I told her that I'd already intended to go to the cottage for
the weekend to grade papers. I did not much like Lydia telling
me what to do with my freedom before I even had it, but
I didn't like hurting her, either. I didn't like that at all. I told
her I'd think about staying at Carolyn's, and, in an effort to
change the subject, I said, "You know, you can go to Europe
by yourself if you want to."

"Of course I can." As she bristled, I was reminded of two
things: just how fiercely independent Lydia had once been,
and just how much she had changed without my really noticing.
It should be said, however, that neither her fierceness
nor her independence had come naturally. Rather, they
had been foisted upon her by careless parents who spent almost
all their time fighting, complaining about each other,
feeling sorry for themselves, and ignoring her. As a result
she had become very tough and oddly territorial. Most of
us are capable of being possessive about small spaces, duties,
achievements, lovers, and sometimes friends. Lydia had
been possessive about everything. She had divided the world
quite clearly between hers and yours. Jack Purcell tennis shoes
had been hers; I hadn't been allowed to own a pair. Glenn's
Diner had been her restaurant. No matter how many times
I ate there, I had always been an interloper. She had owned
it. She had owned asparagus, Wedgwood blue, Virginia
Woolf, the coast of Maine, all Woody Allen movies, the word
"ennui," Auguste Renoir, and autumn, and she hadn't been
very interested in sharing any of them. She hadn't been interested
in sharing music at all, except Django Reinhardt. She
had loved Jerry Jeff Walker until I had borrowed a CD, and
she'd found it in my car one day. "What's this doing here?"
she had asked.

"I've been listening to it," I'd said. "I like it."

She handed it to me. "Here.
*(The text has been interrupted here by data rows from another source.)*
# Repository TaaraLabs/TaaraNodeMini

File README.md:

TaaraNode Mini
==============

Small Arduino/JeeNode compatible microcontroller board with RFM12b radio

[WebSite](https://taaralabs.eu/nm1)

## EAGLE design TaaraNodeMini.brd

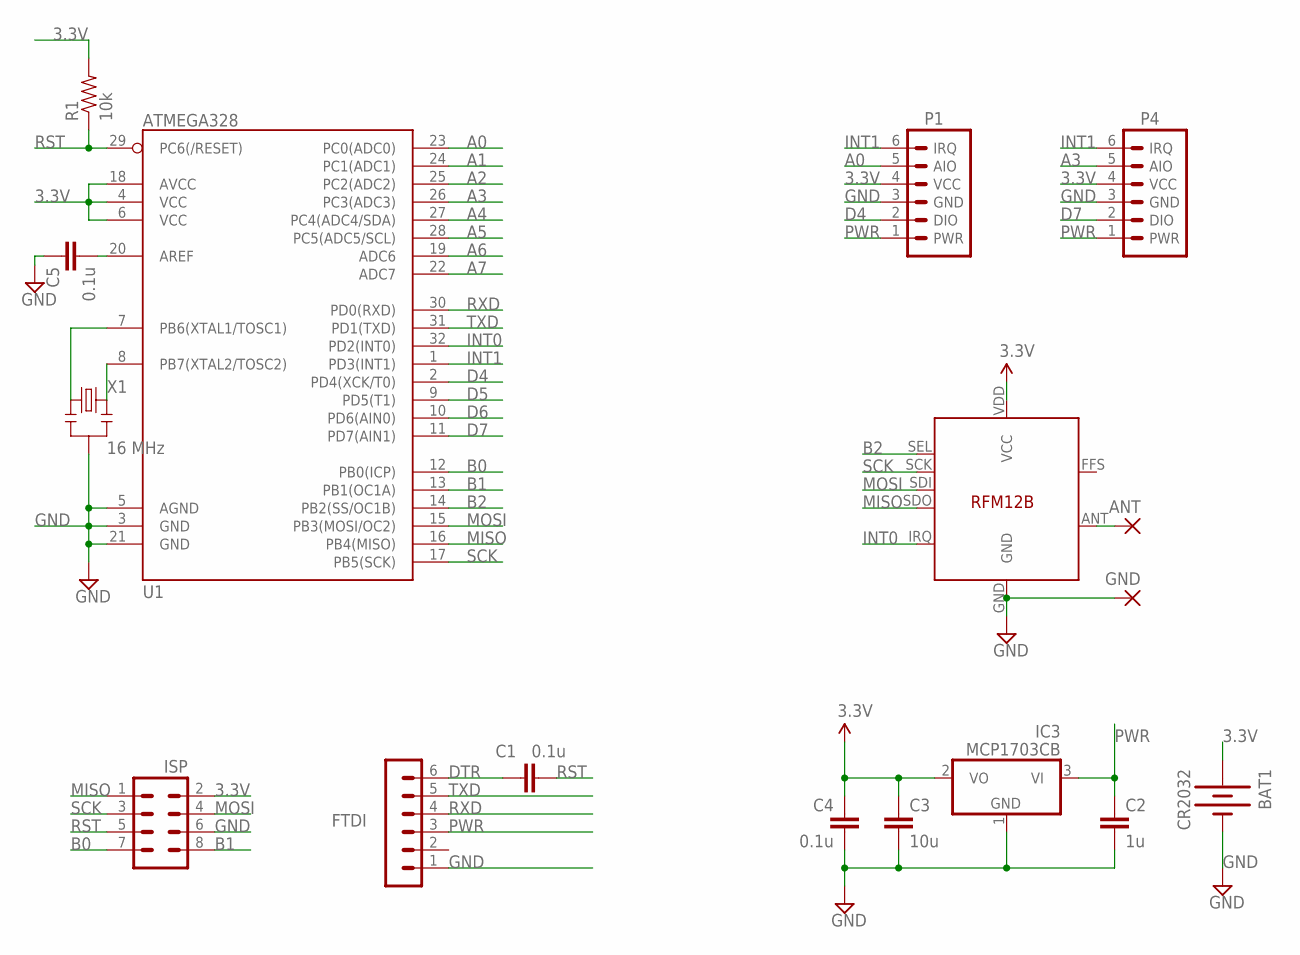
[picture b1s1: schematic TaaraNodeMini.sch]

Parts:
ANT: 1,6/0,8
BAT1: CR2032; BATTCOM_20MM_PTH
C1, C4, C5: 0.1u; 0603-CAP
C2: 1u; 0603-CAP
C3: 10u; 0805
FTDI: FTDI; MA06-1
GND: 1,6/0,8
IC3: MCP1703CB; SOT23
P1, P4: JEEPORT; 1X06_FEMALE_LOCK.010
R1: 10k; 0603-RES
SV7: ISP; MA04-2
U1: ATMEGA328; TQFP32-08
U$1: RFM12B
X1: 16 MHz; RESONATOR-SMD

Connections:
3.3V: BAT1.1 (+), C3.1, C4.1, IC3.2 (VO), P1.4 (VCC), P4.4 (VCC), R1.2, SV7.2, U1.4 (VCC), U1.6 (VCC), U1.18 (AVCC), U$1.VDD (VCC)
A0: P1.5 (AIO), U1.23 (PC0(ADC0))
A1: U1.24 (PC1(ADC1))
A2: U1.25 (PC2(ADC2))
A3: P4.5 (AIO), U1.26 (PC3(ADC3))
A4: U1.27 (PC4(ADC4/SDA))
A5: U1.28 (PC5(ADC5/SCL))
A6: U1.19 (ADC6)
A7: U1.22 (ADC7)
AREF: C5.2, U1.20 (AREF)
B0: SV7.7, U1.12 (PB0(ICP))
B1: SV7.8, U1.13 (PB1(OC1A))
B2: U1.14 (PB2(SS/OC1B)), U$1.SEL
D4: P1.2 (DIO), U1.2 (PD4(XCK/T0))
D5: U1.9 (PD5(T1))
D6: U1.10 (PD6(AIN0))
D7: P4.2 (DIO), U1.11 (PD7(AIN1))
DTR: C1.2, FTDI.6
GND: BAT1.2 (-), C2.2, C3.2, C4.2, C5.1, FTDI.1, GND.1, IC3.1 (GND), P1.3 (GND), P4.3 (GND), SV7.6, U1.3 (GND), U1.5 (AGND), U1.21 (GND), U$1.GND, X1.2
INT0: U1.32 (PD2(INT0)), U$1.IRQ
INT1: P1.6 (IRQ), P4.6 (IRQ), U1.1 (PD3(INT1))
MISO: SV7.1, U1.16 (PB4(MISO)), U$1.SDO
MOSI: SV7.4, U1.15 (PB3(MOSI/OC2)), U$1.SDI
unnamed: U1.7 (PB6(XTAL1/TOSC1)), X1.1
unnamed: ANT.1, U$1.ANT
unnamed: U1.8 (PB7(XTAL2/TOSC2)), X1.3
PWR: C2.1, FTDI.3, IC3.3 (VI), P1.1 (PWR), P4.1 (PWR)
RST: C1.1, R1.1, SV7.5, U1.29 (PC6(/RESET))
RXD: FTDI.4, U1.30 (PD0(RXD))
SCK: SV7.3, U1.17 (PB5(SCK)), U$1.SCK
TXD: FTDI.5, U1.31 (PD1(TXD))

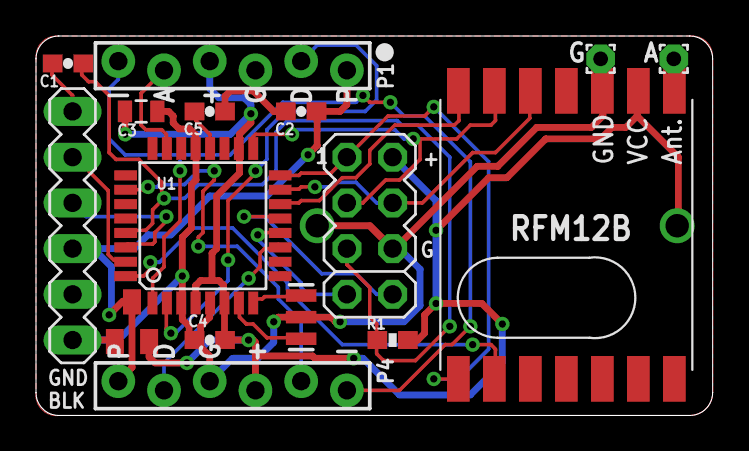
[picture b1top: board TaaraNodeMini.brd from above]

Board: 2 copper layers, 37.6 x 21.1 mm, 18 parts (1 on the bottom side), 23 nets.

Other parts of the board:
U$2: NODEPARAMS

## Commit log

2015-01-22 :lollipop: Added .gitattributes & .gitignore files
2015-01-22 TaaraNodeMini
2015-01-24 TaaraNodeBattery picture replaced
2015-01-24 TaaraNodeMiniLowPower picture added

It's yours." As far as I know,
she never listened to it again. Now it seemed that she cared
much less about "her things." Either that or I had become one
of them.

Why had I answered so quickly that I couldn't go to Europe?
I had the time; I had the money. I guess I didn't want to go; I
wanted to stay home and get to the bottom of this Lisa Kim
thing. Or maybe I didn't want to go with Lydia, not just when
I had won some breathing space. Or maybe it was some of all
of that. And if I really wanted to find out about Lisa Kim, why
had I signed on for the canoe trip? But I knew the answer
to that one. I'd done so at a time when I was spending half
my days running after Lisa Kim, and half running away from
her, thinking that if I ran fast and far enough, my life might
get back to normal. It happened on a day when I was running
away from her. I said yes, and just to seal it before I changed
my mind, I pitched my idea for an article to the
Trib
travel
people, and they said yes, and so I was committed. Good.
Now I wasn't so sure.

I called Carolyn the next day and told her I'd take care of
Cooper if she couldn't find anyone else to, but I didn't mention
staying in her condo. I also asked more about the counselor
she had seen, and finally, if she would mind giving me
his name. "No," she said, although I wasn't so sure. Was she
territorial, too? "Gene Brooke; he's in the book."